Pour rappel, le nombre d’unités fret passant par Calais, principalement des camions avec chauffeurs, était de 1,99 million en 2017, 1,9 million en 2018, 1,8 million en 2019 et 1,66 million en 2020. Une lente décrue donc, à peine amplifiée par la pandémie de 2020. En revanche, le décrochage du passagers est plus brutal: autour de 9 millions en 2017 et 2018, près de 8,5 millions en 2019… et 3,27 millions seulement en 2020, dont plus de 55 % de conducteurs de poids lourds. De ce côté, la situation reste désespérement atone: le trafic passagers ne remontera pas tant que la situation sanitaire ne sera pas éclaircie. La saison touristique ne s’annonce pas brillante.
Développement du non-accompagné
Le développement des flux de remorques non accompagnées se heurte cependant aux capacités de réception de Douvres. Raison pour laquelle DFDS lance un nouveau service de et à destination de l’estuaire de la Tamise. Initialement annoncé pour le 1er juin, le Gothia Seaways, roulier d’une capacité de 165 remorques dont une dizaine seulement avec chauffeur, ne débutera finalement qu’en juillet sa navette entre Calais et le port anglais de Sheerness situé sur l’estuaire de la Medway, au débouché de celui de la Tamise, à 60 km à l’est du centre de Londres. L’objectif est d’embarquer 55 000 remorques au cours de douze premiers mois. « On pourra désormais transporter une remorque depuis la Turquie jusqu’aux portes de Londres sans passer par la route, grâce à la liaison ferroviaire entre Sète et Calais », souligne Jean-Claude Charlo, directeur général de DFDS France, qui estime que « les remorques non-accompagnées et l’intermodalité, c’est l’avenir! »
« Le trafic ro-ro accompagné d’un chauffeur pour le transport de marchandises via Douvres et le tunnel sous la Manche est de moins en moins utilisé, au profit du modèle non accompagné, confirme Richard Goffin, directeur des ports de London Medway dont fait partie Sheerness. Compte tenu des contraintes actuelles entourant les voyages internationaux, des contrôles plus stricts aux frontières et de l’épidémie, les solutions sans chauffeur réduisent le risque de retards associés à ces contraintes. »
Pour le président du port de Calais, le marché le sollicite. « L’ouverture d’une route dédiée au fret non accompagné reliant Calais à l’estuaire de la Tamise répond très clairement aux attentes ». Le port de Calais espère aussi que cette nouvelle liaison maritime avec l’Angleterre permettra d’accompagner le développement du ferroviaire au départ de Calais. « Ce nouveau service s’intégrera parfaitement aux autoroutes ferroviaires en service à Calais en provenance d’Italie, d’Espagne et du sud de la France », assure-t-il.

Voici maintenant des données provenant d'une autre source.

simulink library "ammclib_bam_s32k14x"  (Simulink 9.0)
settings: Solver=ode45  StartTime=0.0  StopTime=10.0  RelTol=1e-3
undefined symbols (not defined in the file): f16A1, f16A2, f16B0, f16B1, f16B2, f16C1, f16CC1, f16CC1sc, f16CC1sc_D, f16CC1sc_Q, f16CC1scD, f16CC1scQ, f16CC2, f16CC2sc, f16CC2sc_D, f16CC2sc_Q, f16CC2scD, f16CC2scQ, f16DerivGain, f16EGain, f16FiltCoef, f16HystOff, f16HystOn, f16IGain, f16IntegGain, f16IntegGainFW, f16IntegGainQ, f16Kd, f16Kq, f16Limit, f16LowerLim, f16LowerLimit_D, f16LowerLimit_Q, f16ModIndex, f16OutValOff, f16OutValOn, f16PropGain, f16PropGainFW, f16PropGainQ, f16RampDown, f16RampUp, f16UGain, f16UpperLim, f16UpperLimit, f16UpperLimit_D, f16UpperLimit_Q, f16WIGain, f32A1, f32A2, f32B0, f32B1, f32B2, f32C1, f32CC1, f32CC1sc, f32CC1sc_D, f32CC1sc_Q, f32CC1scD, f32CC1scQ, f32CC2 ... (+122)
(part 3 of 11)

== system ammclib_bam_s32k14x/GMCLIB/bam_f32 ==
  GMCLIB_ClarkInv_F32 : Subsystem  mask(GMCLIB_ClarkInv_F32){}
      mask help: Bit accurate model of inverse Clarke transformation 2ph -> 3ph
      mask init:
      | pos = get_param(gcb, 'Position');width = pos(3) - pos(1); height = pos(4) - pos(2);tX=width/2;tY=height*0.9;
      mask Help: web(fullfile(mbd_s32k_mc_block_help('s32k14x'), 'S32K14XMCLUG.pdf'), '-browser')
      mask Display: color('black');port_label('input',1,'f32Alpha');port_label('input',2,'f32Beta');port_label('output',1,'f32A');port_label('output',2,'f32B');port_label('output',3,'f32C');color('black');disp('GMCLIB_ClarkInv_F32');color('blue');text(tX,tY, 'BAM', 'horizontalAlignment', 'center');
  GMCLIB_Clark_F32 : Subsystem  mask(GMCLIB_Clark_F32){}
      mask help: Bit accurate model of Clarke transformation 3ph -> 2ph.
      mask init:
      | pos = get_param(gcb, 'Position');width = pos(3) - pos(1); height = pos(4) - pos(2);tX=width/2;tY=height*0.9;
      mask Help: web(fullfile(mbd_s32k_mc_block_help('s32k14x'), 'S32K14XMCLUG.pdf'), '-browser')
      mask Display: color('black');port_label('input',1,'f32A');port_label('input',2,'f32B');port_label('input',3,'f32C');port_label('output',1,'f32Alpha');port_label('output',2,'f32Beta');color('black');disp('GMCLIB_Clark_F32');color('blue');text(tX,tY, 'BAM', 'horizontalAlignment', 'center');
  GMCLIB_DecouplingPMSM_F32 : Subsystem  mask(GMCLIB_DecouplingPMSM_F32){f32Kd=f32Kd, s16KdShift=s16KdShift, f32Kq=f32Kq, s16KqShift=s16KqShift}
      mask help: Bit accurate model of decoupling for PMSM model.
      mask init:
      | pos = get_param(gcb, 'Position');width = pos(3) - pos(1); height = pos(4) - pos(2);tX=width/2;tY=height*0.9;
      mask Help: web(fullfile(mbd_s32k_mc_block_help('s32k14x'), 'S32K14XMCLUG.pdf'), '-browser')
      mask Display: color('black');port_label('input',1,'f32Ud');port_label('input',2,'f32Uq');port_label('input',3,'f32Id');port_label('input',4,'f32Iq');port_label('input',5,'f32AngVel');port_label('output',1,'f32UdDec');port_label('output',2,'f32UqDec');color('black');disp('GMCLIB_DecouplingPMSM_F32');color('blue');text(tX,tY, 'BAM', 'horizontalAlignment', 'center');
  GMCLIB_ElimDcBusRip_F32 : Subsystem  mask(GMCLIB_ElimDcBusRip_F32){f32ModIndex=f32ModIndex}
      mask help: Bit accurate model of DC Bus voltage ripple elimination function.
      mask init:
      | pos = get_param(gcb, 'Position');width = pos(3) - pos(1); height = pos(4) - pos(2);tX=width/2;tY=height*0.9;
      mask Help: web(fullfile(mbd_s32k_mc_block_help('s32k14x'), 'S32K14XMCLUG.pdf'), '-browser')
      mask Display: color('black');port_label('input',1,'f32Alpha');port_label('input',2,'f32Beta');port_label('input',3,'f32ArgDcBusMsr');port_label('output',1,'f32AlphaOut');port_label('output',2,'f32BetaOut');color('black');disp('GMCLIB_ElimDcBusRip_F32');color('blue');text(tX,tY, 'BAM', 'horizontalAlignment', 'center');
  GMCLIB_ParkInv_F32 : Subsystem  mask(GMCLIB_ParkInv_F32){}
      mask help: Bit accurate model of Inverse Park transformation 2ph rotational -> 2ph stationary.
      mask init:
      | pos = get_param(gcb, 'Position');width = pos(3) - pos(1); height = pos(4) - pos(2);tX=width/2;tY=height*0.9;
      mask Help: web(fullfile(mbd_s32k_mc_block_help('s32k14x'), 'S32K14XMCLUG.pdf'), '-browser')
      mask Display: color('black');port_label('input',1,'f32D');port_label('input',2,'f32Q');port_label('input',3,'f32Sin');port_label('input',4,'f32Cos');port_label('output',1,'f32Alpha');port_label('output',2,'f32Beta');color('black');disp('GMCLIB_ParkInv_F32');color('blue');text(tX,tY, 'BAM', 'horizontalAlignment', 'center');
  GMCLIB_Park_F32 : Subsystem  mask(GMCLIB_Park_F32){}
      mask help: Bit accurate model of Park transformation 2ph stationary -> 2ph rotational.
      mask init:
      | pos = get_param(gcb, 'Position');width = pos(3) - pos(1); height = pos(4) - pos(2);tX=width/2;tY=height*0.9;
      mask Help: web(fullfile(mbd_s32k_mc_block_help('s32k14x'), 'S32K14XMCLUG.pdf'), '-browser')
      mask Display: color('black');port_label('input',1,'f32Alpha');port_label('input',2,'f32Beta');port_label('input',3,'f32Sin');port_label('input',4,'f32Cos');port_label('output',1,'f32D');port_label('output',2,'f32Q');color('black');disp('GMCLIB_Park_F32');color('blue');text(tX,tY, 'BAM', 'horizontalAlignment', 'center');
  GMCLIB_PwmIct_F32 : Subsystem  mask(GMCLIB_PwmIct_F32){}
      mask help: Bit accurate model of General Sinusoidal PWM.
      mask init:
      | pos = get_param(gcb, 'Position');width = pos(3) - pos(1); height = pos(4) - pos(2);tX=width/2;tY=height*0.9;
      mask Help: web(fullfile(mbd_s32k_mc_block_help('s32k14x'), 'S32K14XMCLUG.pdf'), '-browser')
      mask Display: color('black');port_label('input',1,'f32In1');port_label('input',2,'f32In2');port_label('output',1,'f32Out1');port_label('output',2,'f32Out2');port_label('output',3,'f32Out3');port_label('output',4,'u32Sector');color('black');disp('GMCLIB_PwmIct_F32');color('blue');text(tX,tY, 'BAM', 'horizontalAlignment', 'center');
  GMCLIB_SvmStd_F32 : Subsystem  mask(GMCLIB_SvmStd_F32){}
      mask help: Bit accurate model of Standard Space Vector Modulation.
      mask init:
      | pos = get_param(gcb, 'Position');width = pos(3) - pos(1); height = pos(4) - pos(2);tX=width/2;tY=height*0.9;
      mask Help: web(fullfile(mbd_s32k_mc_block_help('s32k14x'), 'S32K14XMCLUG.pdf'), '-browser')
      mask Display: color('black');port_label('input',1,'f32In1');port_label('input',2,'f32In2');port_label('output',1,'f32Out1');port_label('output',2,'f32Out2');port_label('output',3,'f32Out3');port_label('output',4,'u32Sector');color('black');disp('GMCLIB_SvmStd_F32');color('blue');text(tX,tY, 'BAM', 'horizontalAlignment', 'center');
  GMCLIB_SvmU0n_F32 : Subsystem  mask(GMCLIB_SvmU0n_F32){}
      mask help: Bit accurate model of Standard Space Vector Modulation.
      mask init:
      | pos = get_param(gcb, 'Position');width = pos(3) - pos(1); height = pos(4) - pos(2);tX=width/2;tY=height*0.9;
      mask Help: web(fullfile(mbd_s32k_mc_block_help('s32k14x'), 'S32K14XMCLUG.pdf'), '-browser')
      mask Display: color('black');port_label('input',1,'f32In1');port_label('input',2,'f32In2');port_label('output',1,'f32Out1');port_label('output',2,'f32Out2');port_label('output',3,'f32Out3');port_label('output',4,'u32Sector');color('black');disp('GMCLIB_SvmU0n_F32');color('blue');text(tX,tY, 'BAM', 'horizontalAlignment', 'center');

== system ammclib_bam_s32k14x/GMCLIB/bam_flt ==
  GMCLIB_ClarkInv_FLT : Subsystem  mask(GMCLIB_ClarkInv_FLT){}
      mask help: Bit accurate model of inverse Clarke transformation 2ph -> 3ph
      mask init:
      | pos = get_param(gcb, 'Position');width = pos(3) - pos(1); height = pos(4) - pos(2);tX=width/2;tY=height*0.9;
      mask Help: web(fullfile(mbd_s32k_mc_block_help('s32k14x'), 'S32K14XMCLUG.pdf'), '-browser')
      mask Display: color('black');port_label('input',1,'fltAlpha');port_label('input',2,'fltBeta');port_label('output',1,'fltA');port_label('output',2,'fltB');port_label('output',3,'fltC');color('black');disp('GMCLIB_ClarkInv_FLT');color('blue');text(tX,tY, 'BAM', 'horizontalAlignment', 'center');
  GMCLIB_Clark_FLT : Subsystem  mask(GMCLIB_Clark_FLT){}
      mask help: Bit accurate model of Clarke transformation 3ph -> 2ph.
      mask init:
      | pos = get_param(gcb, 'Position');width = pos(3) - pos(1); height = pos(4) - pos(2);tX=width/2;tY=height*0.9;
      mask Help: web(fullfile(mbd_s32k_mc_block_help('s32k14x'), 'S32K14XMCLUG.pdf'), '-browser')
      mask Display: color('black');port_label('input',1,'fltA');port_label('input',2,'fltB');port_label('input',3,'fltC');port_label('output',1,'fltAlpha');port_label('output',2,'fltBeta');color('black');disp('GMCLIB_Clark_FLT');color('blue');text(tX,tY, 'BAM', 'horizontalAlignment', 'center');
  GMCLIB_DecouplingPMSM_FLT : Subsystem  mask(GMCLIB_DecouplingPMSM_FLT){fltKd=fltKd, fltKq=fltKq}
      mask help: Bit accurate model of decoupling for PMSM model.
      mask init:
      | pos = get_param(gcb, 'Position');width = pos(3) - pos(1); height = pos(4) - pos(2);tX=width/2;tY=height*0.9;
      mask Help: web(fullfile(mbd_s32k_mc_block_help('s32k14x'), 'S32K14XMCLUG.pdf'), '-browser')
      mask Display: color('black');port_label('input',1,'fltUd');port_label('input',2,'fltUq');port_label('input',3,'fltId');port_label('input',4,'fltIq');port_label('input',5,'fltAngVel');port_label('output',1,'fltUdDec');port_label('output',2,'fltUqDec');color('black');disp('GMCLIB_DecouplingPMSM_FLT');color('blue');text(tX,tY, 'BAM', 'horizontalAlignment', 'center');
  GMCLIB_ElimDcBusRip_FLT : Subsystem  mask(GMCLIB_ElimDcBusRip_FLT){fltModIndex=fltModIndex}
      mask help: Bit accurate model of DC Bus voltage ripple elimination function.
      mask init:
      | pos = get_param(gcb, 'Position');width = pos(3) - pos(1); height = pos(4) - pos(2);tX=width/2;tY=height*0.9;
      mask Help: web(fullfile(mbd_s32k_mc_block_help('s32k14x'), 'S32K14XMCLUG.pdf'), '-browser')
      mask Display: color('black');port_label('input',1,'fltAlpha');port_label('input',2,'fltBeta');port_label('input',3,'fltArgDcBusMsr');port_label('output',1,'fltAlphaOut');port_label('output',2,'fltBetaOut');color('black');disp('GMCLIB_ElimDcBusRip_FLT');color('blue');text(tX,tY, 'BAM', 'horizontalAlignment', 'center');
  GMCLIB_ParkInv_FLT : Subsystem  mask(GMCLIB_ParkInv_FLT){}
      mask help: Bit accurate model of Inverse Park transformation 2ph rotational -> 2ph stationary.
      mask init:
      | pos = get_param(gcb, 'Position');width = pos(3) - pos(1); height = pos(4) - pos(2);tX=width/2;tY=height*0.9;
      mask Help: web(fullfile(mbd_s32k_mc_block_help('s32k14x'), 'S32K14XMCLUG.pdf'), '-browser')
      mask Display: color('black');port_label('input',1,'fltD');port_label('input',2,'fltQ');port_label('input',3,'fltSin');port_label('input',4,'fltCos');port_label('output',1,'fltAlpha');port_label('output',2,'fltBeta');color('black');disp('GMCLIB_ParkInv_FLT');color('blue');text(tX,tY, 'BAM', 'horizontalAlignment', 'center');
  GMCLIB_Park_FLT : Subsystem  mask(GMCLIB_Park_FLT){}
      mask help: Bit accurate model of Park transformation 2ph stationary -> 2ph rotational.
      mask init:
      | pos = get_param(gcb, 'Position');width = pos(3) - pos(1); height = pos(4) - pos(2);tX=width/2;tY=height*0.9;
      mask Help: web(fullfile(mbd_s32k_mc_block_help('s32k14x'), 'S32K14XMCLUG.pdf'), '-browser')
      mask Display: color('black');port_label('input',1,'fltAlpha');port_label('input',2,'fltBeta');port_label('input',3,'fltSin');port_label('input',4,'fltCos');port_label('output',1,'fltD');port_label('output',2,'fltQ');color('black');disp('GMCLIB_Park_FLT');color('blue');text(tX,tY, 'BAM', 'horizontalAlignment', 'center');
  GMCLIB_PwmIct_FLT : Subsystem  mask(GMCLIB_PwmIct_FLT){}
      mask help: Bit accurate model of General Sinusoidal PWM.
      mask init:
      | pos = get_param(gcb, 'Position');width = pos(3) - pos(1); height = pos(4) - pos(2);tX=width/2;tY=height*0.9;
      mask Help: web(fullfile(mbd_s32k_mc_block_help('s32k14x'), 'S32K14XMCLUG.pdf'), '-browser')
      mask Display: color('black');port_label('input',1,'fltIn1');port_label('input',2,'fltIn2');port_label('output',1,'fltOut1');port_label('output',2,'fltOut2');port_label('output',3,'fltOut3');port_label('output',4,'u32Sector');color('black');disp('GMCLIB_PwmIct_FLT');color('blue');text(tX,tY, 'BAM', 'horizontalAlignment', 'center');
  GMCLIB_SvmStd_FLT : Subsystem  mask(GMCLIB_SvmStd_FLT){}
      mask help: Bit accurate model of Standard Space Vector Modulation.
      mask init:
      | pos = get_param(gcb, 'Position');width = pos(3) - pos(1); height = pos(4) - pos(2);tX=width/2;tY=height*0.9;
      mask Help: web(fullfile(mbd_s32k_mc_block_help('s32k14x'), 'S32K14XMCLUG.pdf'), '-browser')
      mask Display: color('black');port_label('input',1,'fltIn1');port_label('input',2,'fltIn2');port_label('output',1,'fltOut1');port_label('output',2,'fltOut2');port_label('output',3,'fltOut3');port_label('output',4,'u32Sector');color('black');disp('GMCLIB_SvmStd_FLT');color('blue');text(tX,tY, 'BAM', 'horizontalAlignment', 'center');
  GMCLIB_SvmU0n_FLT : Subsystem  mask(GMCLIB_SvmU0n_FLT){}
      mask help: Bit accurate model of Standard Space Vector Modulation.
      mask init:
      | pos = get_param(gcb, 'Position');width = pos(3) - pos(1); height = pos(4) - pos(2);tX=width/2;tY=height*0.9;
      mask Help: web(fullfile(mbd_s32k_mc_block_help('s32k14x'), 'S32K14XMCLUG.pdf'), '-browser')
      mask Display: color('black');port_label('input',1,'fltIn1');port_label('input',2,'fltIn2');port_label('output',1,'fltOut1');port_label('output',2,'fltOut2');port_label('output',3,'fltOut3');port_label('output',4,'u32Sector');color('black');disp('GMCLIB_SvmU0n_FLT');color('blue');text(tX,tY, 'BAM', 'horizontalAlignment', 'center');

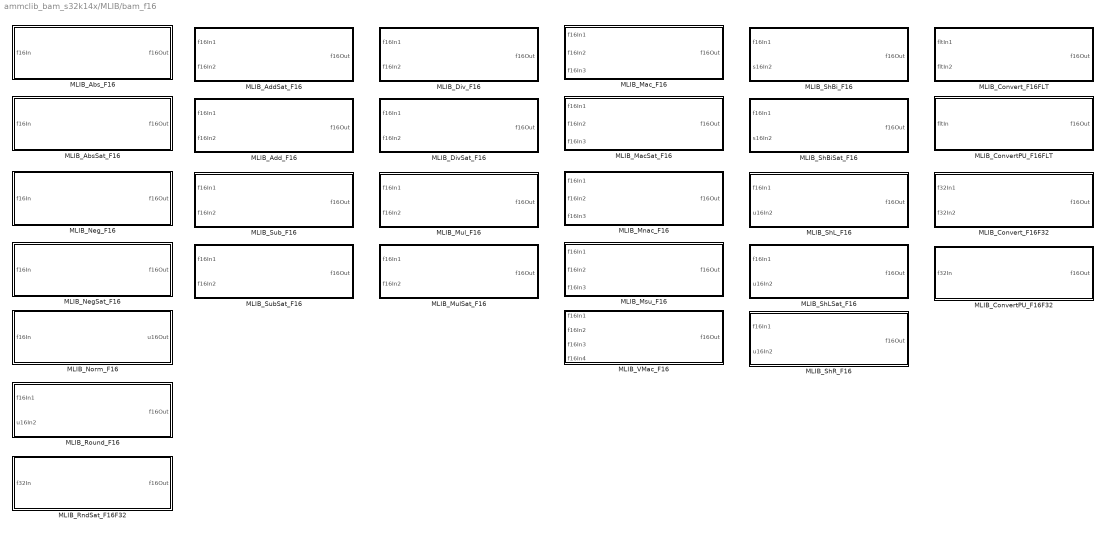
== system ammclib_bam_s32k14x/MLIB/bam_f16 ==
  MLIB_AbsSat_F16 : Subsystem  mask(MLIB_AbsSat_F16){}
      mask help: Bit accurate model for absolute value of input value. The output is saturated if necessary. All parameters as well as input and output are 16bit integers.
      mask init:
      | pos = get_param(gcb, 'Position');width = pos(3) - pos(1); height = pos(4) - pos(2);tX=width/2;tY=height*0.9;
      mask Help: web(fullfile(mbd_s32k_mc_block_help('s32k14x'), 'S32K14XMCLUG.pdf'), '-browser')
      mask Display: color('black');port_label('input',1,'f16In');port_label('output',1,'f16Out');color('black');disp('MLIB_AbsSat_F16');color('blue');text(tX,tY, 'BAM', 'horizontalAlignment', 'center');
  MLIB_Abs_F16 : Subsystem  mask(MLIB_Abs_F16){}
      mask help: Bit accurate model for absolute value of input value. All parameters as well as input and output are 16bit integers.
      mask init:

Calais voit en effet d’intéressentes opportunités dans le lancement par Cargo Beamer d’une autoroute ferroviaire en provenance de Perpignan: deux rotations hebdomadaires à partir du 14 juin, puis quatre par semaine dès le 5 juillet. Elles s’ajoutent à celles exploitées par Viia entre Calais et Le Boulou d’une part, Calais et Turin avec escale à Mâcon d’autre part.
Aujourd’hui, un tiers seulement des volumes des autoroutes ferroviaires de Calais sont en provenance ou à destination de la région Hauts-de-France. Mais le port prévoit une montée en puissance en continuité du trajet vers ou depuis la Grande-Bretagne. Même si le trafic est encore faible comparé à ceux des traversées maritimes vers Douvres, le nombre de remorques non accompagnées chargées en ferroviaire est un signal: 2 500 au cours des deux premiers mois de l’année mais 6 500 au cours de deux mois suivants.